The survey of 5,316 companies covered the period from March 23 to April 5.
9:25 am update: FTSE update
The FTSE-100 index at 9:15 a.m. was up from 16.10 to 5,613.75.
9:10 am update: London stock index update
The FTSE 100 index at 8:45 a.m. was up from 38.14 to 5,635.79.
9 a.m. update: Chinese equities soar following rising global sentiment
Chinese stocks closed higher on Thursday following the recovery of sentiment from global investors, but gains were modest ahead of March’s GDP data which is expected to show economic contraction for the first time in almost 30 years.
The Shanghai Composite Index closed 0.3% higher at 2,819.94, while the CSI300 Benchmark Index gained 0.1% after entering negative or negative territory.
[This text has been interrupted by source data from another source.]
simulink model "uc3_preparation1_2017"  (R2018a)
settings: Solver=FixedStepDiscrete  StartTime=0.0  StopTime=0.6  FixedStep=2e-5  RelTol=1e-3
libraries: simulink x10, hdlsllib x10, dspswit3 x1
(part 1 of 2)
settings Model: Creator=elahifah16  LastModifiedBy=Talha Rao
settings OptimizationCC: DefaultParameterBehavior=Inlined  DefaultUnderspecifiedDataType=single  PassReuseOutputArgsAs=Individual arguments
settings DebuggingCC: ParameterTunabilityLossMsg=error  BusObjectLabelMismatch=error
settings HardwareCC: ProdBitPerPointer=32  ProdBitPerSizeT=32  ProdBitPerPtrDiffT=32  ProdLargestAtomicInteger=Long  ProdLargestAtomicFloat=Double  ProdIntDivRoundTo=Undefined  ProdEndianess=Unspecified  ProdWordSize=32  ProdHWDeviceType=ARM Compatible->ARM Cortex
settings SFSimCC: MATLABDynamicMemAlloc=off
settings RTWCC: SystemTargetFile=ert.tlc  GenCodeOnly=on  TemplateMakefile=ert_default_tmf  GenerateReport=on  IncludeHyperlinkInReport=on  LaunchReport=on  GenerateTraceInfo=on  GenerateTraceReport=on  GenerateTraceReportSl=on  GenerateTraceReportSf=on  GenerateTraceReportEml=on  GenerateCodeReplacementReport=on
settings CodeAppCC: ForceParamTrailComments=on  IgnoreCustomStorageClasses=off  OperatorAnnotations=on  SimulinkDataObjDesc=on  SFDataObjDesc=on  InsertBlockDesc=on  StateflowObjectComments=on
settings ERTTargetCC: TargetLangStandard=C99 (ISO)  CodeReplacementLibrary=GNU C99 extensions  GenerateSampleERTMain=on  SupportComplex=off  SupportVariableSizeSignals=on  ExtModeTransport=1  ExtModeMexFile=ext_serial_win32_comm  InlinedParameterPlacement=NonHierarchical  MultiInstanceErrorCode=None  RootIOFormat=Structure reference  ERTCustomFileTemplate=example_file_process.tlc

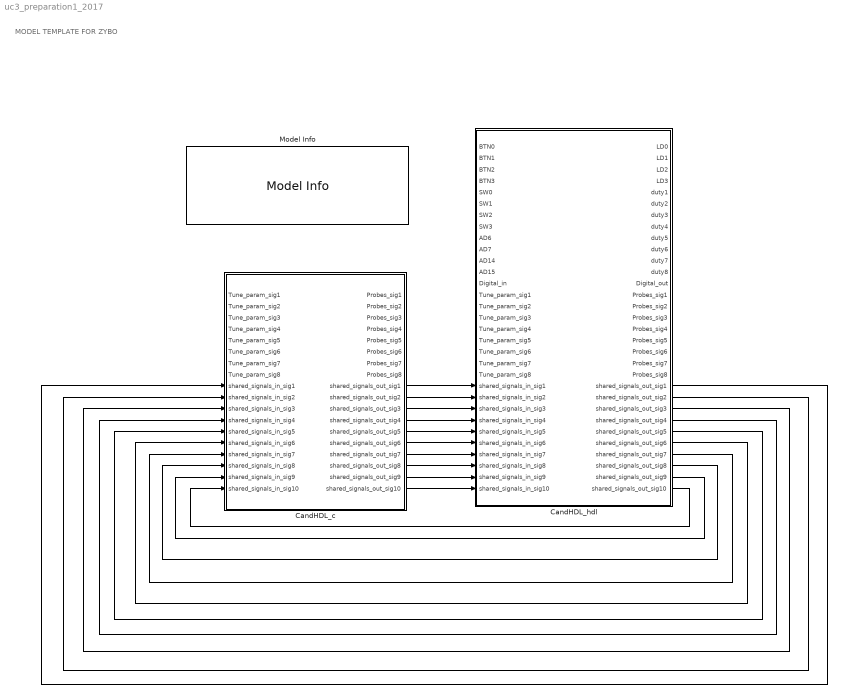
== system uc3_preparation1_2017 ==
  note: MODEL TEMPLATE FOR ZYBO
  CandHDL_c : Subsystem  AncestorBlock=code_gen_library/CandHDL_c
  CandHDL_hdl : Subsystem  AncestorBlock=code_gen_library/CandHDL_hdl
  Model Info : simulink/Model-Wide Utilities/Model Info  Frame=on  DisplayStringWithTags=|  HorizontalTextAlignment=Left  LeftAlignmentValue=0.02
      | Model Info
      | Creator:       R. Estrada, FH JOANNEUM, 2018
      | Modified by: %<ModifiedBy>
      | Modify Date: %<ModifiedDate>
      | Version:%<ModelVersion>
      | Description:
      | %<Description>
  wires:
  CandHDL_c/9(shared_signals_out_sig1) -> CandHDL_hdl/22(shared_signals_in_sig1)
  CandHDL_hdl/22(shared_signals_out_sig1) -> CandHDL_c/9(shared_signals_in_sig1)
  CandHDL_c/10(shared_signals_out_sig2) -> CandHDL_hdl/23(shared_signals_in_sig2)
  CandHDL_hdl/23(shared_signals_out_sig2) -> CandHDL_c/10(shared_signals_in_sig2)
  CandHDL_c/11(shared_signals_out_sig3) -> CandHDL_hdl/24(shared_signals_in_sig3)
  CandHDL_hdl/24(shared_signals_out_sig3) -> CandHDL_c/11(shared_signals_in_sig3)
  CandHDL_c/12(shared_signals_out_sig4) -> CandHDL_hdl/25(shared_signals_in_sig4)
  CandHDL_hdl/25(shared_signals_out_sig4) -> CandHDL_c/12(shared_signals_in_sig4)
  CandHDL_c/13(shared_signals_out_sig5) -> CandHDL_hdl/26(shared_signals_in_sig5)
  CandHDL_hdl/26(shared_signals_out_sig5) -> CandHDL_c/13(shared_signals_in_sig5)
  CandHDL_c/14(shared_signals_out_sig6) -> CandHDL_hdl/27(shared_signals_in_sig6)
  CandHDL_hdl/27(shared_signals_out_sig6) -> CandHDL_c/14(shared_signals_in_sig6)
  CandHDL_c/15(shared_signals_out_sig7) -> CandHDL_hdl/28(shared_signals_in_sig7)
  CandHDL_hdl/28(shared_signals_out_sig7) -> CandHDL_c/15(shared_signals_in_sig7)
  CandHDL_c/16(shared_signals_out_sig8) -> CandHDL_hdl/29(shared_signals_in_sig8)
  CandHDL_hdl/29(shared_signals_out_sig8) -> CandHDL_c/16(shared_signals_in_sig8)
  CandHDL_c/17(shared_signals_out_sig9) -> CandHDL_hdl/30(shared_signals_in_sig9)
  CandHDL_hdl/30(shared_signals_out_sig9) -> CandHDL_c/17(shared_signals_in_sig9)
  CandHDL_c/18(shared_signals_out_sig10) -> CandHDL_hdl/31(shared_signals_in_sig10)
  CandHDL_hdl/31(shared_signals_out_sig10) -> CandHDL_c/18(shared_signals_in_sig10)

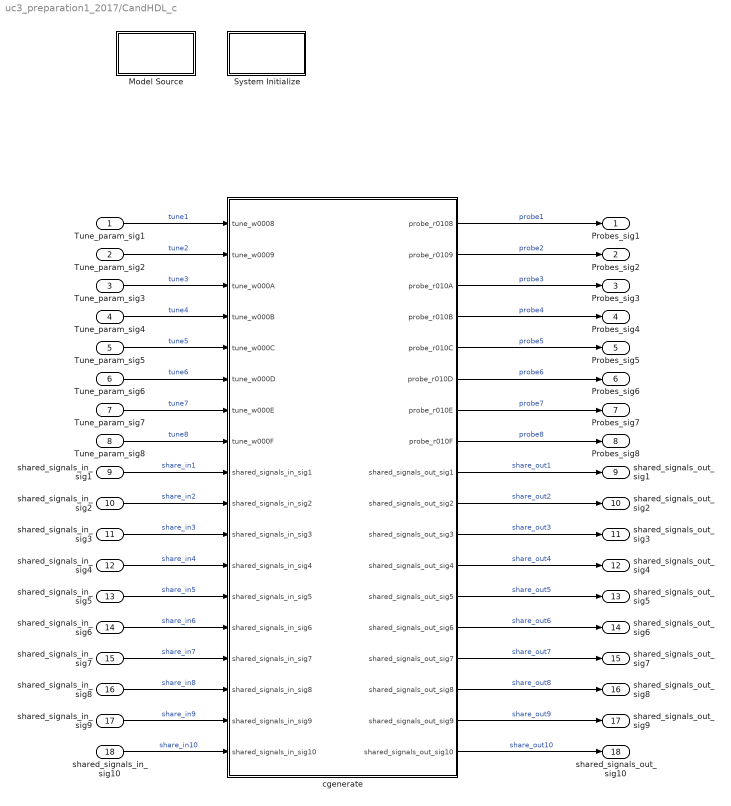
== system uc3_preparation1_2017/CandHDL_c ==
  Tune_param_sig1 : Inport  OutDataTypeStr=int32
  Tune_param_sig2 : Inport  Port=2  OutDataTypeStr=int32
  Tune_param_sig3 : Inport  Port=3  OutDataTypeStr=int32
  Tune_param_sig4 : Inport  Port=4  OutDataTypeStr=int32
  Tune_param_sig5 : Inport  Port=5  OutDataTypeStr=int32
  Tune_param_sig6 : Inport  Port=6  OutDataTypeStr=int32
  Tune_param_sig7 : Inport  Port=7  OutDataTypeStr=int32
  Tune_param_sig8 : Inport  Port=8  OutDataTypeStr=int32
  shared_signals_in_sig1 : Inport  Port=9  OutDataTypeStr=int32
  shared_signals_in_sig2 : Inport  Port=10  OutDataTypeStr=int32
  shared_signals_in_sig3 : Inport  Port=11  OutDataTypeStr=int32
  shared_signals_in_sig4 : Inport  Port=12  OutDataTypeStr=int32
  shared_signals_in_sig5 : Inport  Port=13  OutDataTypeStr=int32
  shared_signals_in_sig6 : Inport  Port=14  OutDataTypeStr=int32
  shared_signals_in_sig7 : Inport  Port=15  OutDataTypeStr=int32
  shared_signals_in_sig8 : Inport  Port=16  OutDataTypeStr=int32
  shared_signals_in_sig9 : Inport  Port=17  OutDataTypeStr=int32
  shared_signals_in_sig10 : Inport  Port=18  OutDataTypeStr=int32
  Model Source : Subsystem  mask(Model Source){ShowInLibBrowser=0}
      mask prompts: ShowInLibBrowser "Simulink:masks:CustCodeMaskParam1_MP"
      settings: CopyFcn=cccopyfcn(gcb)  OpenFcn=ccopenfcn('Model Source')
      mask Help: eval('feval(''rtwprivate'',''rtwhelpview'',''rtw_model_source_block'')');
      mask Display: disp('Model\nSource');
  System Initialize : Subsystem  mask(System Initialize){ShowInLibBrowser=0}
      mask prompts: ShowInLibBrowser "Simulink:masks:CustCodeMaskParam1_MP"
      settings: CopyFcn=cccopyfcn(gcb)  OpenFcn=ccopenfcn('System Initialize Function')
      mask Help: eval('feval(''rtwprivate'',''rtwhelpview'',''rtw_sys_initialize_block'')');
      mask Display: disp('System\nInitialize');
  cgenerate : Subsystem
  Probes_sig1 : Outport  OutDataTypeStr=int32
  Probes_sig2 : Outport  Port=2  OutDataTypeStr=int32
  Probes_sig3 : Outport  Port=3  OutDataTypeStr=int32
  Probes_sig4 : Outport  Port=4  OutDataTypeStr=int32
  Probes_sig5 : Outport  Port=5  OutDataTypeStr=int32
  Probes_sig6 : Outport  Port=6  OutDataTypeStr=int32
  Probes_sig7 : Outport  Port=7  OutDataTypeStr=int32
  Probes_sig8 : Outport  Port=8  OutDataTypeStr=int32
  shared_signals_out_sig1 : Outport  Port=9  OutDataTypeStr=int32
  shared_signals_out_sig2 : Outport  Port=10  OutDataTypeStr=int32
  shared_signals_out_sig3 : Outport  Port=11  OutDataTypeStr=int32
  shared_signals_out_sig4 : Outport  Port=12  OutDataTypeStr=int32
  shared_signals_out_sig5 : Outport  Port=13  OutDataTypeStr=int32
  shared_signals_out_sig6 : Outport  Port=14  OutDataTypeStr=int32
  shared_signals_out_sig7 : Outport  Port=15  OutDataTypeStr=int32
  shared_signals_out_sig8 : Outport  Port=16  OutDataTypeStr=int32
  shared_signals_out_sig9 : Outport  Port=17  OutDataTypeStr=int32
  shared_signals_out_sig10 : Outport  Port=18  OutDataTypeStr=int32
  wires:
  cgenerate/1(probe_r0108) -> Probes_sig1/1  "probe1"
  cgenerate/2(probe_r0109) -> Probes_sig2/1  "probe2"
  cgenerate/3(probe_r010A) -> Probes_sig3/1  "probe3"
  cgenerate/4(probe_r010B) -> Probes_sig4/1  "probe4"
  cgenerate/5(probe_r010C) -> Probes_sig5/1  "probe5"
  cgenerate/6(probe_r010D) -> Probes_sig6/1  "probe6"
  cgenerate/7(probe_r010E) -> Probes_sig7/1  "probe7"
  cgenerate/8(probe_r010F) -> Probes_sig8/1  "probe8"
  Tune_param_sig1/1 -> cgenerate/1(tune_w0008)  "tune1"
  Tune_param_sig2/1 -> cgenerate/2(tune_w0009)  "tune2"
  Tune_param_sig3/1 -> cgenerate/3(tune_w000A)  "tune3"
  Tune_param_sig4/1 -> cgenerate/4(tune_w000B)  "tune4"
  Tune_param_sig5/1 -> cgenerate/5(tune_w000C)  "tune5"
  Tune_param_sig6/1 -> cgenerate/6(tune_w000D)  "tune6"
  Tune_param_sig7/1 -> cgenerate/7(tune_w000E)  "tune7"
  Tune_param_sig8/1 -> cgenerate/8(tune_w000F)  "tune8"
  shared_signals_in_sig1/1 -> cgenerate/9(shared_signals_in_sig1)  "share_in1"
  shared_signals_in_sig2/1 -> cgenerate/10(shared_signals_in_sig2)  "share_in2"
  shared_signals_in_sig3/1 -> cgenerate/11(shared_signals_in_sig3)  "share_in3"
  shared_signals_in_sig4/1 -> cgenerate/12(shared_signals_in_sig4)  "share_in4"
  shared_signals_in_sig5/1 -> cgenerate/13(shared_signals_in_sig5)  "share_in5"
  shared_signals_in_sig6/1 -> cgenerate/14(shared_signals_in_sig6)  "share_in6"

The CSI300 financial sector sub-index rose 0.1%, the consumer staples sector decreased 0.3% and the health care sub-index edged up 0.4%.
The smaller Shenzhen index added 0.5% and the start-up’s ChiNext Composite composite index gained 1.6%.
FTSE 100: London stock index rose after two-day drop
Update 8:01 am: FTSE 100 opens
The FTSE 100 opened at 5,597.65.
7.51 hour update: US equity futures gain
US equity futures increased their gains, up 0.6% after falling 1% at the start of the session.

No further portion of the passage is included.